With stepparents these days, the emphasis is no longer on parent, but on step - someone to be walked on. The stepparent is effectively disempowered by the "real" parent. The "real" parent enables the child's disrespect of rules as well as of the stepparent. (Paraphrasing John Rosemond).


  1. I wanted to drop you a quick note and tell you how much I enjoy reading your blog. I write for a treatment blog for youth treatment and I think a lot of your posts could be really helpful to the families who follow us. Are you intersted in having us repost any of your posts with links pointing to your blog? Either way, I hope you get a chance to check us out at We are now following your blog and a follow back from you would mean a great deal.

    Thanks so much-

    Cynthia Bond

    1. Hi Cynthia,

      Thanks for the compliment. Please feel free to re-post any of the posts.

  2. The last one about step parents: For a lot of step parents, it is very obvious that they have no interest in being parents of any kind. They are useless to their step kids, they do not love them, and they should stay out of a step kid's hair.

    I have heard and seen so many horror stories that I now have rules. If I ever have children and consider marrying someone not their father, it will be a prerequisite that he is able to bond with them and that he does not try to make me choose him over them. I will not sacrifice a relationship with my future children for a man who does not care about them.

    My other rule is that I will leave money to my kids. I would leave some to their step father...but I did not work so that my future children could inherit nothing when I pass on. I would want to make sure they are taken care of, and my fear would be that a step parent would not support them if I died.

    I remember reading about Yoko Ono, step parent to Julian Lennon. When John died, he left nothing to his son Julian. Yoko took everything. She sold Julian's birthday cards that he had made for John at auction as well as many other things like his toys. Julian had to go to auctions to buy back his father's things so that he could have keepsakes of him. Those two went to court for decades after John Lennon's death. And I am sure John left Yoko everything with the expectation that she would support her step son.

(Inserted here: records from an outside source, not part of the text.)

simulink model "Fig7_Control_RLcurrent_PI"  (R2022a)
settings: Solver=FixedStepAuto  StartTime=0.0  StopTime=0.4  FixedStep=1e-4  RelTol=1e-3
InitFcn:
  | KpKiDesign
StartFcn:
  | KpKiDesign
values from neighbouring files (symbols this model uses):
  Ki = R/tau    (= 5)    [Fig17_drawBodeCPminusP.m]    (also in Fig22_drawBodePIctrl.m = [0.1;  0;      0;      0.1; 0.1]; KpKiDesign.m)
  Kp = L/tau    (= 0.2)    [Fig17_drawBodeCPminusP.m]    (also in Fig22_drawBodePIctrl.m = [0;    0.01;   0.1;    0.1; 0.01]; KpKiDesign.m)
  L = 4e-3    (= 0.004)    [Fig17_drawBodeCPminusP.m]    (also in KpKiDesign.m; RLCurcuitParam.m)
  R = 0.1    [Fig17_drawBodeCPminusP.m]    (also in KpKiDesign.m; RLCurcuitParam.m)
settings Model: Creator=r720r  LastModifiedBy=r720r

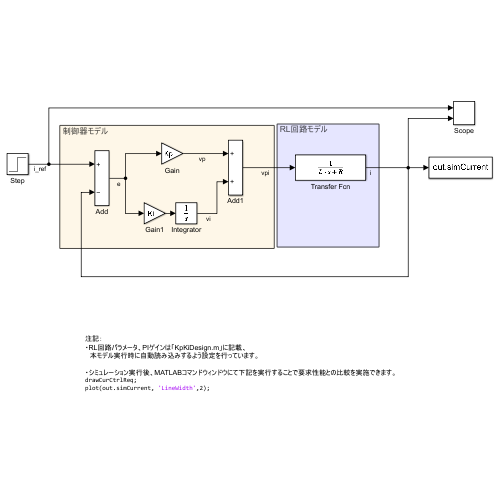
[thumbnail: Simulink's stored preview of the top-level diagram]
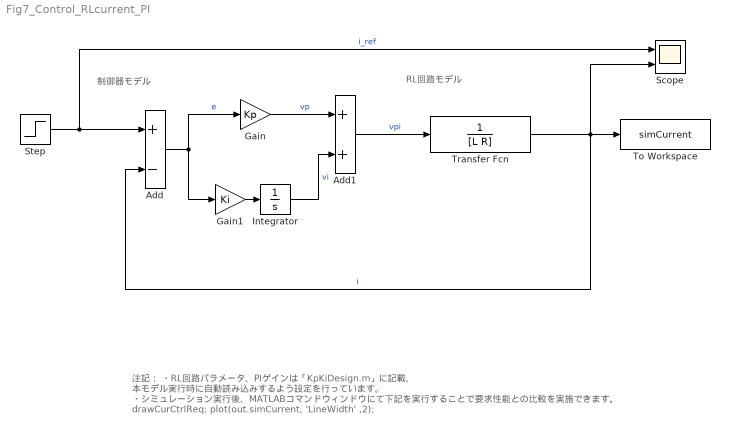
== system Fig7_Control_RLcurrent_PI ==
  note: RL回路モデル
  note: 制御器モデル
  note: 注記：
      | ・RL回路パラメータ、PIゲインは「KpKiDesign.m」に記載、
      | 本モデル実行時に自動読み込みするよう設定を行っています。
      |
      | ・シミュレーション実行後、MATLABコマンドウィンドウにて下記を実行することで要求性能との比較を実施できます。
      | drawCurCtrlReq;
      | plot(out.simCurrent, 'LineWidth' ,2);
  Add : Sum  Inputs=+-
  Add1 : Sum
  Gain : Gain  Gain=Kp
  Gain1 : Gain  Gain=Ki
  Integrator : Integrator
  Scope : Scope  NumInputPorts=2
  Step : Step  Time=0  SampleTime=0
  To Workspace : ToWorkspace  VariableName=simCurrent  SaveFormat=Timeseries  SampleTime=-1
  Transfer Fcn : TransferFcn  Denominator=[L R]
  wires:
  Step/1 -> Scope/1, Add/1  "i_ref"
  Add/1 -> Gain/1, Gain1/1  "e"
  Transfer Fcn/1 -> To Workspace/1, Add/2, Scope/2  "i"
  Gain1/1 -> Integrator/1
  Integrator/1 -> Add1/2  "vi"
  Gain/1 -> Add1/1  "vp"
  Add1/1 -> Transfer Fcn/1  "vpi"

I highly doubt he thought she would sell such highly personal things, and cut out his son to the extent that she did.

    I don't see step parents as getting walked on usually...There is a reason for the "evil stepmother" stereotype.

    As you can tell, I had an "evil stepmother." The emphasis was on "step" on the stepchildren. The "mother" part was silent.

    1. Henrietta,

      Thanks for your comment.

      Of course the type of problem you are describing with stepparents is also, unfortunately, very common, if not more common, than the one Rosemond is talking about.

      Certainly among the adult patients I see an abusive stepparent is far more common than one where the natural parent enables their child and won't let the stepparent do anything. (On the other hand, what I call the Freddie the Freeloader/Minnie the Moocher stepchild is less likely to come to therapy).

      Stepparents are far more likely to be sexually abusive than natural parents.

      Just as with anything else, either extreme is trouble.

  3. Do you have any studies that show the disparity of abuse between stepparents and natural parents?

    1. Dr. De Carvalho,

      Obviously good data is hard to come by because both victims and perpetrators of child sexual abuse hide their experiences, and one also has to take into account the percentage of natural versus blended families that are present in any sample one looks at.

      I am talking here only about child sexual abuse, because other forms of abuse may not be more common with step vs. natural parents.

      I have seen references that say that sexual abuse is more common with step parents, but would have to do a literature search. However, you can see a literature summary in "Childhood Sexual Abuse: A Reference Handbook" By Karen L. Kinnear, page 8. She mentions four studies that she bases this on.